__Assignment__:
The entries that follow include a run beginning at the line with "CB3-1/LConn3 -- Bus Load" and ending at the line with "OutPhaseB1/RConn1 -- CB3-1/RConn2"; restate that run word for word and leave the rest out.

__Dataset records__:
◇ ◇ ◇ ◇ ◇

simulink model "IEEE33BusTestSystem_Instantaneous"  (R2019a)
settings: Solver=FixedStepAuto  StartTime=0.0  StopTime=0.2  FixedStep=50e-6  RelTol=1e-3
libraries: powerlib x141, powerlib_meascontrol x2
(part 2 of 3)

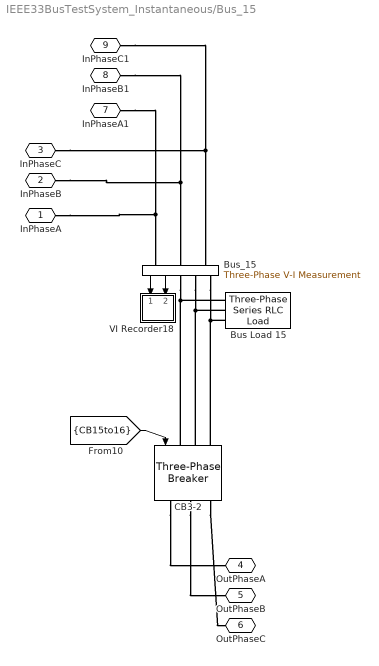
== system IEEE33BusTestSystem_Instantaneous/Bus_15 ==
  Bus Load 15 : powerlib/Elements/Three-Phase Series RLC Load  LConnTagsString=A|B|C  Configuration=Y (grounded)  NominalVoltage=(12660)*0.917215  Vabc=[1e3 1e3 1e3]  Vabcp=[1e3 1e3 1e3]  NominalFrequency=50  UnbalancedPower=off  ActivePower=60e3  InductivePower=10e3  CapacitivePower=0  Pabc=[10e3 9e3 11e3]  QLabc=[100 90 110]  QCabc=[100 90 110]  Pabcp=[10e3 9e3 11e3]  QLabcp=[100 90 110]  QCabcp=[100 90 110]  Measurements=None  LoadType=constant PQ
      settings: SourceProductName=Simscape Electrical
  Bus_15 : powerlib/Measurements/Three-Phase V-I Measurement  VoltageMeasurement=phase-to-phase  SetLabelV=off  LabelV=Vabc  Vpu=off  VpuLL=off  CurrentMeasurement=yes  SetLabelI=off  LabelI=Iabc  Ipu=off  Pbase=100e6  Vbase=500e3  OutputType=Complex  PhasorSimulation=off  PSBequivalent=0
      settings: SourceProductName=Simscape Electrical
  CB3-2 : powerlib/Elements/Three-Phase Breaker  InitialState=open  SwitchA=on  SwitchB=on  SwitchC=on  SwitchTimes="[1/60  5/60]"  External=on  BreakerResistance=0.01  SnubberResistance=1e6  SnubberCapacitance=inf  Measurements=None
      settings: SourceProductName=Simscape Electrical
  VI Recorder18 : Subsystem
  InPhaseA : PMIOPort  Side=Left
  InPhaseB : PMIOPort  Port=2  Side=Left
  InPhaseC : PMIOPort  Port=3  Side=Left
  OutPhaseA : PMIOPort  Port=4  Side=Right
  OutPhaseB : PMIOPort  Port=5  Side=Right
  OutPhaseC : PMIOPort  Port=6  Side=Right
  InPhaseA1 : PMIOPort  Port=7  Side=Left
  InPhaseB1 : PMIOPort  Port=8  Side=Left
  InPhaseC1 : PMIOPort  Port=9  Side=Left
  wires:
  [CB15to16] -> CB3-2/1
  Bus_15/1 -> VI Recorder18/1(Vrec)
  Bus_15/2 -> VI Recorder18/2(Irec)
  connections:
  Bus Load 15/LConn1 -- CB3-2/LConn1 -- Bus_15/RConn1
  CB3-2/RConn3 -- OutPhaseC/RConn1
  Bus Load 15/LConn2 -- CB3-2/LConn2 -- Bus_15/RConn2
  Bus Load 15/LConn3 -- CB3-2/LConn3 -- Bus_15/RConn3
  CB3-2/RConn1 -- OutPhaseA/RConn1
  CB3-2/RConn2 -- OutPhaseB/RConn1
  InPhaseA1/RConn1 -- InPhaseA/RConn1 -- Bus_15/LConn1
  InPhaseB1/RConn1 -- InPhaseB/RConn1 -- Bus_15/LConn2
  InPhaseC1/RConn1 -- InPhaseC/RConn1 -- Bus_15/LConn3

== system IEEE33BusTestSystem_Instantaneous/Bus_16 ==
  Bus Load 16 : powerlib/Elements/Three-Phase Series RLC Load  LConnTagsString=A|B|C  Configuration=Y (grounded)  NominalVoltage=(12660)*0.915849  Vabc=[1e3 1e3 1e3]  Vabcp=[1e3 1e3 1e3]  NominalFrequency=50  UnbalancedPower=off  ActivePower=60e3  InductivePower=20e3  CapacitivePower=0  Pabc=[10e3 9e3 11e3]  QLabc=[100 90 110]  QCabc=[100 90 110]  Pabcp=[10e3 9e3 11e3]  QLabcp=[100 90 110]  QCabcp=[100 90 110]  Measurements=None  LoadType=constant PQ
      settings: SourceProductName=Simscape Electrical
  Bus_16 : powerlib/Measurements/Three-Phase V-I Measurement  VoltageMeasurement=phase-to-phase  SetLabelV=off  LabelV=Vabc  Vpu=off  VpuLL=off  CurrentMeasurement=yes  SetLabelI=off  LabelI=Iabc  Ipu=off  Pbase=100e6  Vbase=500e3  OutputType=Complex  PhasorSimulation=off  PSBequivalent=0
      settings: SourceProductName=Simscape Electrical
  CB3-2 : powerlib/Elements/Three-Phase Breaker  InitialState=open  SwitchA=on  SwitchB=on  SwitchC=on  SwitchTimes="[1/60  5/60]"  External=on  BreakerResistance=0.01  SnubberResistance=1e6  SnubberCapacitance=inf  Measurements=None
      settings: SourceProductName=Simscape Electrical
  VI Recorder19 : Subsystem
  InPhaseA : PMIOPort  Side=Left
  InPhaseB : PMIOPort  Port=2  Side=Left
  InPhaseC : PMIOPort  Port=3  Side=Left
  OutPhaseA : PMIOPort  Port=4  Side=Right
  OutPhaseB : PMIOPort  Port=5  Side=Right
  OutPhaseC : PMIOPort  Port=6  Side=Right
  wires:
  [CB16to17] -> CB3-2/1
  Bus_16/1 -> VI Recorder19/1(Vrec)
  Bus_16/2 -> VI Recorder19/2(Irec)
  connections:
  Bus_16/RConn1 -- CB3-2/LConn1 -- Bus Load 16/LConn1
  CB3-2/RConn3 -- OutPhaseC/RConn1
  Bus Load 16/LConn2 -- CB3-2/LConn2 -- Bus_16/RConn2
  Bus Load 16/LConn3 -- CB3-2/LConn3 -- Bus_16/RConn3
  CB3-2/RConn1 -- OutPhaseA/RConn1
  CB3-2/RConn2 -- OutPhaseB/RConn1
  InPhaseC/RConn1 -- Bus_16/LConn3
  InPhaseB/RConn1 -- Bus_16/LConn2
  InPhaseA/RConn1 -- Bus_16/LConn1

== system IEEE33BusTestSystem_Instantaneous/Bus_17 ==
  Bus Load 17 : powerlib/Elements/Three-Phase Series RLC Load  LConnTagsString=A|B|C  Configuration=Y (grounded)  NominalVoltage=(12660)*0.913826  Vabc=[1e3 1e3 1e3]  Vabcp=[1e3 1e3 1e3]  NominalFrequency=50  UnbalancedPower=off  ActivePower=60e3  InductivePower=20e3  CapacitivePower=0  Pabc=[10e3 9e3 11e3]  QLabc=[100 90 110]  QCabc=[100 90 110]  Pabcp=[10e3 9e3 11e3]  QLabcp=[100 90 110]  QCabcp=[100 90 110]  Measurements=None  LoadType=constant PQ
      settings: SourceProductName=Simscape Electrical
  Bus_17 : powerlib/Measurements/Three-Phase V-I Measurement  VoltageMeasurement=phase-to-phase  SetLabelV=off  LabelV=Vabc  Vpu=off  VpuLL=off  CurrentMeasurement=yes  SetLabelI=off  LabelI=Iabc  Ipu=off  Pbase=100e6  Vbase=500e3  OutputType=Complex  PhasorSimulation=off  PSBequivalent=0
      settings: SourceProductName=Simscape Electrical
  CB3-2 : powerlib/Elements/Three-Phase Breaker  InitialState=open  SwitchA=on  SwitchB=on  SwitchC=on  SwitchTimes="[1/60  5/60]"  External=on  BreakerResistance=0.01  SnubberResistance=1e6  SnubberCapacitance=inf  Measurements=None
      settings: SourceProductName=Simscape Electrical
  VI Recorder20 : Subsystem
  InPhaseA : PMIOPort  Side=Left
  InPhaseB : PMIOPort  Port=2  Side=Left
  InPhaseC : PMIOPort  Port=3  Side=Left
  OutPhaseA : PMIOPort  Port=4  Side=Right
  OutPhaseB : PMIOPort  Port=5  Side=Right
  OutPhaseC : PMIOPort  Port=6  Side=Right
  wires:
  [CB17to18] -> CB3-2/1
  Bus_17/2 -> VI Recorder20/2(Irec)
  Bus_17/1 -> VI Recorder20/1(Vrec)
  connections:
  Bus_17/RConn1 -- CB3-2/LConn1 -- Bus Load 17/LConn1
  CB3-2/RConn3 -- OutPhaseC/RConn1
  Bus Load 17/LConn2 -- CB3-2/LConn2 -- Bus_17/RConn2
  Bus_17/RConn3 -- CB3-2/LConn3 -- Bus Load 17/LConn3
  CB3-2/RConn1 -- OutPhaseA/RConn1
  CB3-2/RConn2 -- OutPhaseB/RConn1
  InPhaseA/RConn1 -- Bus_17/LConn1
  InPhaseB/RConn1 -- Bus_17/LConn2
  InPhaseC/RConn1 -- Bus_17/LConn3

== system IEEE33BusTestSystem_Instantaneous/Bus_18 ==
  Bus Load 18 : powerlib/Elements/Three-Phase Series RLC Load  LConnTagsString=A|B|C  Configuration=Y (grounded)  NominalVoltage=(12660)*0.91322  Vabc=[1e3 1e3 1e3]  Vabcp=[1e3 1e3 1e3]  NominalFrequency=50  UnbalancedPower=off  ActivePower=90e3  InductivePower=40e3  CapacitivePower=0  Pabc=[10e3 9e3 11e3]  QLabc=[100 90 110]  QCabc=[100 90 110]  Pabcp=[10e3 9e3 11e3]  QLabcp=[100 90 110]  QCabcp=[100 90 110]  Measurements=None  LoadType=constant PQ
      settings: SourceProductName=Simscape Electrical
  Bus_18 : powerlib/Measurements/Three-Phase V-I Measurement  VoltageMeasurement=phase-to-phase  SetLabelV=off  LabelV=Vabc  Vpu=off  VpuLL=off  CurrentMeasurement=yes  SetLabelI=off  LabelI=Iabc  Ipu=off  Pbase=100e6  Vbase=500e3  OutputType=Complex  PhasorSimulation=off  PSBequivalent=0
      settings: SourceProductName=Simscape Electrical
  CB3-2 : powerlib/Elements/Three-Phase Breaker  InitialState=open  SwitchA=on  SwitchB=on  SwitchC=on  SwitchTimes="[1/60  5/60]"  External=on  BreakerResistance=0.01  SnubberResistance=1e6  SnubberCapacitance=inf  Measurements=None
      settings: SourceProductName=Simscape Electrical
  VI Recorder21 : Subsystem
  InPhaseA : PMIOPort  Side=Left
  InPhaseB : PMIOPort  Port=2  Side=Left
  InPhaseC : PMIOPort  Port=3  Side=Left
  OutPhaseA : PMIOPort  Port=4  Side=Right
  OutPhaseB : PMIOPort  Port=5  Side=Right
  OutPhaseC : PMIOPort  Port=6  Side=Right
  wires:
  [CB18to33] -> CB3-2/1
  Bus_18/1 -> VI Recorder21/1(Vrec)
  Bus_18/2 -> VI Recorder21/2(Irec)
  connections:
  Bus_18/RConn1 -- CB3-2/LConn1 -- Bus Load 18/LConn1
  CB3-2/RConn3 -- OutPhaseC/RConn1
  Bus Load 18/LConn2 -- CB3-2/LConn2 -- Bus_18/RConn2
  Bus Load 18/LConn3 -- CB3-2/LConn3 -- Bus_18/RConn3
  CB3-2/RConn1 -- OutPhaseA/RConn1
  CB3-2/RConn2 -- OutPhaseB/RConn1
  InPhaseA/RConn1 -- Bus_18/LConn1
  InPhaseB/RConn1 -- Bus_18/LConn2
  InPhaseC/RConn1 -- Bus_18/LConn3

== system IEEE33BusTestSystem_Instantaneous/Bus_19 ==
  Bus Load 19 : powerlib/Elements/Three-Phase Series RLC Load  LConnTagsString=A|B|C  Configuration=Y (grounded)  NominalVoltage=(12660)*0.996507  Vabc=[1e3 1e3 1e3]  Vabcp=[1e3 1e3 1e3]  NominalFrequency=50  UnbalancedPower=off  ActivePower=90e3  InductivePower=40e3  CapacitivePower=0  Pabc=[10e3 9e3 11e3]  QLabc=[100 90 110]  QCabc=[100 90 110]  Pabcp=[10e3 9e3 11e3]  QLabcp=[100 90 110]  QCabcp=[100 90 110]  Measurements=None  LoadType=constant PQ
      settings: SourceProductName=Simscape Electrical
  Bus_19 : powerlib/Measurements/Three-Phase V-I Measurement  VoltageMeasurement=phase-to-phase  SetLabelV=off  LabelV=Vabc  Vpu=off  VpuLL=off  CurrentMeasurement=yes  SetLabelI=off  LabelI=Iabc  Ipu=off  Pbase=100e6  Vbase=500e3  OutputType=Complex  PhasorSimulation=off  PSBequivalent=0
      settings: SourceProductName=Simscape Electrical
  CB3-2 : powerlib/Elements/Three-Phase Breaker  InitialState=open  SwitchA=on  SwitchB=on  SwitchC=on  SwitchTimes="[1/60  5/60]"  External=on  BreakerResistance=0.01  SnubberResistance=1e6  SnubberCapacitance=inf  Measurements=None
      settings: SourceProductName=Simscape Electrical
  VI Recorder : Subsystem
  InPhaseA : PMIOPort  Side=Left
  InPhaseB : PMIOPort  Port=2  Side=Left
  InPhaseC : PMIOPort  Port=3  Side=Left
  OutPhaseA : PMIOPort  Port=4  Side=Right
  OutPhaseB : PMIOPort  Port=5  Side=Right
  OutPhaseC : PMIOPort  Port=6  Side=Right
  wires:
  [CB19to20] -> CB3-2/1
  Bus_19/2 -> VI Recorder/2(Irec)
  Bus_19/1 -> VI Recorder/1(Vrec)
  connections:
  Bus_19/RConn1 -- CB3-2/LConn1 -- Bus Load 19/LConn1
  CB3-2/RConn3 -- OutPhaseC/RConn1
  Bus Load 19/LConn2 -- CB3-2/LConn2 -- Bus_19/RConn2
  Bus_19/RConn3 -- CB3-2/LConn3 -- Bus Load 19/LConn3
  CB3-2/RConn1 -- OutPhaseA/RConn1
  CB3-2/RConn2 -- OutPhaseB/RConn1
  Bus_19/LConn1 -- InPhaseA/RConn1
  InPhaseB/RConn1 -- Bus_19/LConn2
  InPhaseC/RConn1 -- Bus_19/LConn3

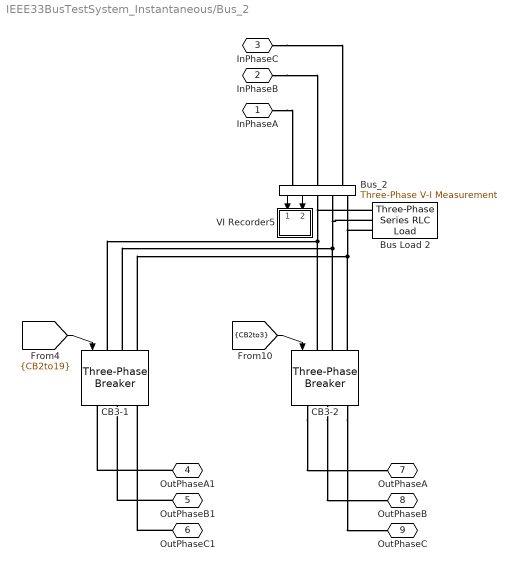
== system IEEE33BusTestSystem_Instantaneous/Bus_2 ==
  Bus Load 2 : powerlib/Elements/Three-Phase Series RLC Load  LConnTagsString=A|B|C  Configuration=Y (grounded)  NominalVoltage=(12660)*0.997035  Vabc=[1e3 1e3 1e3]  Vabcp=[1e3 1e3 1e3]  NominalFrequency=50  UnbalancedPower=off  ActivePower=100e3  InductivePower=60e3  CapacitivePower=0  Pabc=[10e3 9e3 11e3]  QLabc=[100 90 110]  QCabc=[100 90 110]  Pabcp=[10e3 9e3 11e3]  QLabcp=[100 90 110]  QCabcp=[100 90 110]  Measurements=None  LoadType=constant PQ
      settings: SourceProductName=Simscape Electrical
  Bus_2 : powerlib/Measurements/Three-Phase V-I Measurement  VoltageMeasurement=phase-to-phase  SetLabelV=off  LabelV=Vabc  Vpu=off  VpuLL=off  CurrentMeasurement=yes  SetLabelI=off  LabelI=Iabc  Ipu=off  Pbase=100e6  Vbase=500e3  OutputType=Complex  PhasorSimulation=off  PSBequivalent=0
      settings: SourceProductName=Simscape Electrical
  CB3-1 : powerlib/Elements/Three-Phase Breaker  InitialState=open  SwitchA=on  SwitchB=on  SwitchC=on  SwitchTimes="[1/60  5/60]"  External=on  BreakerResistance=0.01  SnubberResistance=1e6  SnubberCapacitance=inf  Measurements=None
      settings: SourceProductName=Simscape Electrical
  CB3-2 : powerlib/Elements/Three-Phase Breaker  InitialState=open  SwitchA=on  SwitchB=on  SwitchC=on  SwitchTimes="[1/60  5/60]"  External=on  BreakerResistance=0.01  SnubberResistance=1e6  SnubberCapacitance=inf  Measurements=None
      settings: SourceProductName=Simscape Electrical
  VI Recorder5 : Subsystem
  InPhaseA : PMIOPort  Side=Left
  InPhaseB : PMIOPort  Port=2  Side=Left
  InPhaseC : PMIOPort  Port=3  Side=Left
  OutPhaseA1 : PMIOPort  Port=4  Side=Right
  OutPhaseB1 : PMIOPort  Port=5  Side=Right
  OutPhaseC1 : PMIOPort  Port=6  Side=Right
  OutPhaseA : PMIOPort  Port=7  Side=Right
  OutPhaseB : PMIOPort  Port=8  Side=Right
  OutPhaseC : PMIOPort  Port=9  Side=Right
  wires:
  [CB2to3] -> CB3-2/1
  Bus_2/2 -> VI Recorder5/2(Irec)
  Bus_2/1 -> VI Recorder5/1(Vrec)
  [CB2to19] -> CB3-1/1
  connections:
  CB3-1/LConn1 -- CB3-2/LConn1 -- Bus Load 2/LConn1 -- Bus_2/RConn1
  CB3-1/LConn2 -- Bus Load 2/LConn2 -- Bus_2/RConn2 -- CB3-2/LConn2
  CB3-1/LConn3 -- Bus Load 2/LConn3 -- Bus_2/RConn3 -- CB3-2/LConn3
  InPhaseC/RConn1 -- Bus_2/LConn3
  InPhaseB/RConn1 -- Bus_2/LConn2
  InPhaseA/RConn1 -- Bus_2/LConn1
  OutPhaseA1/RConn1 -- CB3-1/RConn1
  OutPhaseC1/RConn1 -- CB3-1/RConn3
  OutPhaseB1/RConn1 -- CB3-1/RConn2
  CB3-2/RConn1 -- OutPhaseA/RConn1
  CB3-2/RConn2 -- OutPhaseB/RConn1
  CB3-2/RConn3 -- OutPhaseC/RConn1

== system IEEE33BusTestSystem_Instantaneous/Bus_20 ==
  Bus Load 20 : powerlib/Elements/Three-Phase Series RLC Load  LConnTagsString=A|B|C  Configuration=Y (grounded)  NominalVoltage=(12660)*0.992929  Vabc=[1e3 1e3 1e3]  Vabcp=[1e3 1e3 1e3]  NominalFrequency=50  UnbalancedPower=off  ActivePower=90e3  InductivePower=40e3  CapacitivePower=0  Pabc=[10e3 9e3 11e3]  QLabc=[100 90 110]  QCabc=[100 90 110]  Pabcp=[10e3 9e3 11e3]  QLabcp=[100 90 110]  QCabcp=[100 90 110]  Measurements=None  LoadType=constant PQ
      settings: SourceProductName=Simscape Electrical
  Bus_20 : powerlib/Measurements/Three-Phase V-I Measurement  VoltageMeasurement=phase-to-phase  SetLabelV=off  LabelV=Vabc  Vpu=off  VpuLL=off  CurrentMeasurement=yes  SetLabelI=off  LabelI=Iabc  Ipu=off  Pbase=100e6  Vbase=500e3  OutputType=Complex  PhasorSimulation=off  PSBequivalent=0
      settings: SourceProductName=Simscape Electrical
  CB3-2 : powerlib/Elements/Three-Phase Breaker  InitialState=open  SwitchA=on  SwitchB=on  SwitchC=on  SwitchTimes="[1/60  5/60]"  External=on  BreakerResistance=0.01  SnubberResistance=1e6  SnubberCapacitance=inf  Measurements=None
      settings: SourceProductName=Simscape Electrical
  VI Recorder1 : Subsystem
  InPhaseA : PMIOPort  Side=Left
  InPhaseB : PMIOPort  Port=2  Side=Left
  InPhaseC : PMIOPort  Port=3  Side=Left
  OutPhaseA : PMIOPort  Port=4  Side=Right
  OutPhaseB : PMIOPort  Port=5  Side=Right
  OutPhaseC : PMIOPort  Port=6  Side=Right
  wires:
  [CB20to21] -> CB3-2/1
  Bus_20/1 -> VI Recorder1/1(Vrec)
  Bus_20/2 -> VI Recorder1/2(Irec)
  connections:
  Bus_20/RConn1 -- CB3-2/LConn1 -- Bus Load 20/LConn1
  CB3-2/RConn3 -- OutPhaseC/RConn1
  Bus Load 20/LConn2 -- CB3-2/LConn2 -- Bus_20/RConn2
  Bus_20/RConn3 -- CB3-2/LConn3 -- Bus Load 20/LConn3
  CB3-2/RConn1 -- OutPhaseA/RConn1
  CB3-2/RConn2 -- OutPhaseB/RConn1
  InPhaseA/RConn1 -- Bus_20/LConn1
  InPhaseB/RConn1 -- Bus_20/LConn2
  InPhaseC/RConn1 -- Bus_20/LConn3

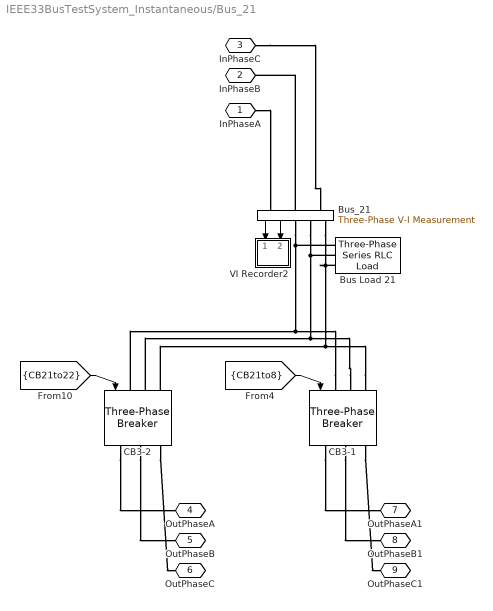
== system IEEE33BusTestSystem_Instantaneous/Bus_21 ==
  Bus Load 21 : powerlib/Elements/Three-Phase Series RLC Load  LConnTagsString=A|B|C  Configuration=Y (grounded)  NominalVoltage=(12660)*0.992224  Vabc=[1e3 1e3 1e3]  Vabcp=[1e3 1e3 1e3]  NominalFrequency=50  UnbalancedPower=off  ActivePower=90e3  InductivePower=40e3  CapacitivePower=0  Pabc=[10e3 9e3 11e3]  QLabc=[100 90 110]  QCabc=[100 90 110]  Pabcp=[10e3 9e3 11e3]  QLabcp=[100 90 110]  QCabcp=[100 90 110]  Measurements=None  LoadType=constant PQ
      settings: SourceProductName=Simscape Electrical
  Bus_21 : powerlib/Measurements/Three-Phase V-I Measurement  VoltageMeasurement=phase-to-phase  SetLabelV=off  LabelV=Vabc  Vpu=off  VpuLL=off  CurrentMeasurement=yes  SetLabelI=off  LabelI=Iabc  Ipu=off  Pbase=100e6  Vbase=500e3  OutputType=Complex  PhasorSimulation=off  PSBequivalent=0
      settings: SourceProductName=Simscape Electrical
  CB3-1 : powerlib/Elements/Three-Phase Breaker  InitialState=open  SwitchA=on  SwitchB=on  SwitchC=on  SwitchTimes="[1/60  5/60]"  External=on  BreakerResistance=0.01  SnubberResistance=1e6  SnubberCapacitance=inf  Measurements=None
      settings: SourceProductName=Simscape Electrical
  CB3-2 : powerlib/Elements/Three-Phase Breaker  InitialState=open  SwitchA=on  SwitchB=on  SwitchC=on  SwitchTimes="[1/60  5/60]"  External=on  BreakerResistance=0.01  SnubberResistance=1e6  SnubberCapacitance=inf  Measurements=None
      settings: SourceProductName=Simscape Electrical
  VI Recorder2 : Subsystem
  InPhaseA : PMIOPort  Side=Left
  InPhaseB : PMIOPort  Port=2  Side=Left
  InPhaseC : PMIOPort  Port=3  Side=Left
  OutPhaseA : PMIOPort  Port=4  Side=Right
  OutPhaseB : PMIOPort  Port=5  Side=Right
  OutPhaseC : PMIOPort  Port=6  Side=Right
  OutPhaseA1 : PMIOPort  Port=7  Side=Right
  OutPhaseB1 : PMIOPort  Port=8  Side=Right
  OutPhaseC1 : PMIOPort  Port=9  Side=Right
  wires:
  [CB21to22] -> CB3-2/1
  Bus_21/2 -> VI Recorder2/2(Irec)
  Bus_21/1 -> VI Recorder2/1(Vrec)
  [CB21to8] -> CB3-1/1
  connections:
  CB3-1/LConn1 -- Bus Load 21/LConn1 -- Bus_21/RConn1 -- CB3-2/LConn1
  CB3-2/RConn3 -- OutPhaseC/RConn1
  CB3-1/LConn2 -- Bus Load 21/LConn2 -- Bus_21/RConn2 -- CB3-2/LConn2
  CB3-1/LConn3 -- Bus_21/RConn3 -- Bus Load 21/LConn3 -- CB3-2/LConn3
  CB3-2/RConn1 -- OutPhaseA/RConn1
  CB3-2/RConn2 -- OutPhaseB/RConn1
  InPhaseA/RConn1 -- Bus_21/LConn1
  Bus_21/LConn2 -- InPhaseB/RConn1
  InPhaseC/RConn1 -- Bus_21/LConn3
  CB3-1/RConn3 -- OutPhaseC1/RConn1
  CB3-1/RConn1 -- OutPhaseA1/RConn1
  CB3-1/RConn2 -- OutPhaseB1/RConn1

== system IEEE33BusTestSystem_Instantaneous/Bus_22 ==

◇ ◇ ◇ ◇ ◇

__Solution for this task__:
  CB3-1/LConn3 -- Bus Load 2/LConn3 -- Bus_2/RConn3 -- CB3-2/LConn3
  InPhaseC/RConn1 -- Bus_2/LConn3
  InPhaseB/RConn1 -- Bus_2/LConn2
  InPhaseA/RConn1 -- Bus_2/LConn1
  OutPhaseA1/RConn1 -- CB3-1/RConn1
  OutPhaseC1/RConn1 -- CB3-1/RConn3
  OutPhaseB1/RConn1 -- CB3-1/RConn2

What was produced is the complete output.